**What the task asks**
Go through the listing beneath this task and return every line that carries the string "units".
▼
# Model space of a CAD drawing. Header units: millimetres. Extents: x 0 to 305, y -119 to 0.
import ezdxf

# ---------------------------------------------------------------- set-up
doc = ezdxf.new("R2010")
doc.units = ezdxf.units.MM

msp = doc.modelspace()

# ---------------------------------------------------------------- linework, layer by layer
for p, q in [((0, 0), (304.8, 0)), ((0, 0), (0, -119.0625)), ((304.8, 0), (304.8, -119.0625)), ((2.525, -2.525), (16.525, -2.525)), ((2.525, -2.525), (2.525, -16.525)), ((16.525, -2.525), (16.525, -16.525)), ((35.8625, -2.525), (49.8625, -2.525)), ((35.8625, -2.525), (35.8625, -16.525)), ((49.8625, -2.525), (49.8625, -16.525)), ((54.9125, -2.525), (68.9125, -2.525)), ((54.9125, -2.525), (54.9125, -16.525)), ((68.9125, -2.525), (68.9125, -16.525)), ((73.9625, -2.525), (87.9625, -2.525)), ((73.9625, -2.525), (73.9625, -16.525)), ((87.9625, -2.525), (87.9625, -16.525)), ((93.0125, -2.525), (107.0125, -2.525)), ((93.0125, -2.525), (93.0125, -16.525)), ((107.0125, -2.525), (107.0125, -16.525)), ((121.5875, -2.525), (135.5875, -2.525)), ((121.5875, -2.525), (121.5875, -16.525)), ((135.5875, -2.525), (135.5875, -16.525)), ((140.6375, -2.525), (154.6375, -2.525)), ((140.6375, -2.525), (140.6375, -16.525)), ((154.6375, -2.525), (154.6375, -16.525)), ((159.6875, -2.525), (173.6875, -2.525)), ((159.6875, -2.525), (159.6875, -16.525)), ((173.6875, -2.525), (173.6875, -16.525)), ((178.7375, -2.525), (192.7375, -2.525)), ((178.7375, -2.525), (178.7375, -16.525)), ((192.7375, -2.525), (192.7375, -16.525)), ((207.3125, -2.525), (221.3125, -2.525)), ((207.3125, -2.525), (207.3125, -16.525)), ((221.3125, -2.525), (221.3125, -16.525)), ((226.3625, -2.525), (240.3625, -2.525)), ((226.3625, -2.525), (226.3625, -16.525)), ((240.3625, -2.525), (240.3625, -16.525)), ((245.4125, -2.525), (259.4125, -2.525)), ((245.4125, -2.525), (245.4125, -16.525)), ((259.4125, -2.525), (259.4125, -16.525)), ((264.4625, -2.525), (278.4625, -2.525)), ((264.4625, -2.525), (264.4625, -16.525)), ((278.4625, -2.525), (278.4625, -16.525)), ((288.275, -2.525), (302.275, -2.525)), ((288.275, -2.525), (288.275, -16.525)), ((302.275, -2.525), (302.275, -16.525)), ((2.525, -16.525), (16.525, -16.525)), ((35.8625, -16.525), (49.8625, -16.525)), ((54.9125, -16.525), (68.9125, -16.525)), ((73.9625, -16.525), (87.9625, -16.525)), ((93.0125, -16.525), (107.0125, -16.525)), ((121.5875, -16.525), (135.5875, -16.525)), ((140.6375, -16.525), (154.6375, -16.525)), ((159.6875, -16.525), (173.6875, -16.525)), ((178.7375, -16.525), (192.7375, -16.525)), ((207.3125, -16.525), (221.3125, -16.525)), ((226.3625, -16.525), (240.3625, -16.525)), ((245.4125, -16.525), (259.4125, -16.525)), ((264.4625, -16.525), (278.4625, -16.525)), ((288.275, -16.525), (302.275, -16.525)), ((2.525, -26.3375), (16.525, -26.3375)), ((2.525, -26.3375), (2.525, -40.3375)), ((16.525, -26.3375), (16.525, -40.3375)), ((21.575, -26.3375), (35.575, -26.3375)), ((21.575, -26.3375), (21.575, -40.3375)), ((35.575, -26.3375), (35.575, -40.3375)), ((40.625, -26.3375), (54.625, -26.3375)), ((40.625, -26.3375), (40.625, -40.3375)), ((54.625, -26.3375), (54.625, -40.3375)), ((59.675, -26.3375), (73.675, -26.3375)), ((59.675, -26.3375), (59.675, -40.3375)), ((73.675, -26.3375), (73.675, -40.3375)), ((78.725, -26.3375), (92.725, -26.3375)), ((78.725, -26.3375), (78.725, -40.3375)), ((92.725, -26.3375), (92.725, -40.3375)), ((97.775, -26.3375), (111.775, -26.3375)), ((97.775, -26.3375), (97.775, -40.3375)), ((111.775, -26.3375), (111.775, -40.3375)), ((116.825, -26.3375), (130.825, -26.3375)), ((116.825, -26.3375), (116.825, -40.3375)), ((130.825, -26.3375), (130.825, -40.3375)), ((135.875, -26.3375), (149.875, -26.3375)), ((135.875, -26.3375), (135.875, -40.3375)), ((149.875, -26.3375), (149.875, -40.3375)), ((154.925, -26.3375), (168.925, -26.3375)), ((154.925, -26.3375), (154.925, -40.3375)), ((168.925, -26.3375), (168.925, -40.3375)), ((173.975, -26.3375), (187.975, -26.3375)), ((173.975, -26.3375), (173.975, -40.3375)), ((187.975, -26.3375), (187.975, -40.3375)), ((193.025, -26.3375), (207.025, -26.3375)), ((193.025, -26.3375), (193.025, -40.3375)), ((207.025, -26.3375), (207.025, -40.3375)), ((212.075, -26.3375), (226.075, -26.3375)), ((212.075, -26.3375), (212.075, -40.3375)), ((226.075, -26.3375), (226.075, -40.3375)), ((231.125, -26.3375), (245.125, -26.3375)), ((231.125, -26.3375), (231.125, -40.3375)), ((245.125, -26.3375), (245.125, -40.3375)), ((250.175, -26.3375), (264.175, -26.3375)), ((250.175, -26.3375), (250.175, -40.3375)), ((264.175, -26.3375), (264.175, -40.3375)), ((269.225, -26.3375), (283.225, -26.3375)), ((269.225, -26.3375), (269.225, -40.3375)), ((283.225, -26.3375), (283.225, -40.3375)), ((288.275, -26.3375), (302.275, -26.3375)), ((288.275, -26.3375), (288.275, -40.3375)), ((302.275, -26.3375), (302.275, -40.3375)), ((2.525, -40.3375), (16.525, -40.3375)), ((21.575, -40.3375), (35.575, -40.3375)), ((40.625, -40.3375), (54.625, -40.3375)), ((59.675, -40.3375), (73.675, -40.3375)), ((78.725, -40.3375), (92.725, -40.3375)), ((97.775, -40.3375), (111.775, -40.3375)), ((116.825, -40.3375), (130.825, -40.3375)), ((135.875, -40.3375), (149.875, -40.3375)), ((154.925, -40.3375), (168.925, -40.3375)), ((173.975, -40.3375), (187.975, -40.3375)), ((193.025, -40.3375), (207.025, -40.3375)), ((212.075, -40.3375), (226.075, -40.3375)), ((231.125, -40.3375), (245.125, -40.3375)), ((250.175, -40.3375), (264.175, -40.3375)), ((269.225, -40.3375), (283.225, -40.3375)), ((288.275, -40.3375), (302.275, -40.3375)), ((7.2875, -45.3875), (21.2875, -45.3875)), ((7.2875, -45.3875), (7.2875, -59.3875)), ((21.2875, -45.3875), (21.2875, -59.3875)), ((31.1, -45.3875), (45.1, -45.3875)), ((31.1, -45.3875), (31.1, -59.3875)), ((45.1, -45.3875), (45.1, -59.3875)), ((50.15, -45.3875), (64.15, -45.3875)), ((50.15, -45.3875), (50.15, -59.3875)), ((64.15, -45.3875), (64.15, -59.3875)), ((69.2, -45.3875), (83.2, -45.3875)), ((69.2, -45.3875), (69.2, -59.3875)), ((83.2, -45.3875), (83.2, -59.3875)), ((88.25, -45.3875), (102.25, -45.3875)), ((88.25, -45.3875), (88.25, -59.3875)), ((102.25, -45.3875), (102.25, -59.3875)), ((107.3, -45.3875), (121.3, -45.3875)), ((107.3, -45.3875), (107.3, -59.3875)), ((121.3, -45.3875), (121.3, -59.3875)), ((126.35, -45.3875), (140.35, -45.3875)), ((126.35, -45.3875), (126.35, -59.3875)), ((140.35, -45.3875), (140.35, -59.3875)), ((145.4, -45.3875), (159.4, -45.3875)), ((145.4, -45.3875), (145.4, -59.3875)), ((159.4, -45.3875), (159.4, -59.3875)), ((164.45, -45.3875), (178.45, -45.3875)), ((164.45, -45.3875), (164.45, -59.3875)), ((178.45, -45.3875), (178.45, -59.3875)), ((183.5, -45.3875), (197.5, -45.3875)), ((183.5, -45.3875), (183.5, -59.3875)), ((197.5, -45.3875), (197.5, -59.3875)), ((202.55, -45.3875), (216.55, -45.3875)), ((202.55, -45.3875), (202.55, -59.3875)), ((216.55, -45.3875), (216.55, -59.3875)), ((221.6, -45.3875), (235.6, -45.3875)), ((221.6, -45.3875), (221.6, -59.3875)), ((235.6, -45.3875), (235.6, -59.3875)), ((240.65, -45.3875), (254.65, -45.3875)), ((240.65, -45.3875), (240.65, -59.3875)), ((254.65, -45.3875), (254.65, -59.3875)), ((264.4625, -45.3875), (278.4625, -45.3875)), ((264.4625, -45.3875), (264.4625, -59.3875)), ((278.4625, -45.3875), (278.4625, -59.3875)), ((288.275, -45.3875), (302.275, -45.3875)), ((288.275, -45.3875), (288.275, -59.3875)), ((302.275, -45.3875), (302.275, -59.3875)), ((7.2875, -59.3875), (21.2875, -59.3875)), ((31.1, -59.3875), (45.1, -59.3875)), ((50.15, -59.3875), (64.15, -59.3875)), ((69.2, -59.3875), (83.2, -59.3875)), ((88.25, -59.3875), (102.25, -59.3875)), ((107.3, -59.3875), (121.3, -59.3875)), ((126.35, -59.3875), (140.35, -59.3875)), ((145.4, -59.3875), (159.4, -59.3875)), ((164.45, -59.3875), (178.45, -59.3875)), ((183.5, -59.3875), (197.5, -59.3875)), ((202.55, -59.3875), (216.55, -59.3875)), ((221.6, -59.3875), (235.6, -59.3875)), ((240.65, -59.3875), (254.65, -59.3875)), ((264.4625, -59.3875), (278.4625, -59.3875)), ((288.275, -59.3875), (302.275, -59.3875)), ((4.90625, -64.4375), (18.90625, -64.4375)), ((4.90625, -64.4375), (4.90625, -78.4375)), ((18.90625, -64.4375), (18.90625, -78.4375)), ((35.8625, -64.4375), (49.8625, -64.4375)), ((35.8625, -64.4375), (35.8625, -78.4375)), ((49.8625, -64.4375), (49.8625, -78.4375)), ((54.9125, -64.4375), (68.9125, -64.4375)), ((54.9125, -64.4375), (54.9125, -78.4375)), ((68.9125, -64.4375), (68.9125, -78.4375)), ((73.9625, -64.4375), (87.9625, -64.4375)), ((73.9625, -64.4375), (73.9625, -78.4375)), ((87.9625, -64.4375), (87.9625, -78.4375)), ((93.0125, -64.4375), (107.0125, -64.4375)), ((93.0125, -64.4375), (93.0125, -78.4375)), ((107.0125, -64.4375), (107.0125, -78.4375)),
▲
**Solution to this task**
# Model space of a CAD drawing. Header units: millimetres. Extents: x 0 to 305, y -119 to 0.
doc.units = ezdxf.units.MM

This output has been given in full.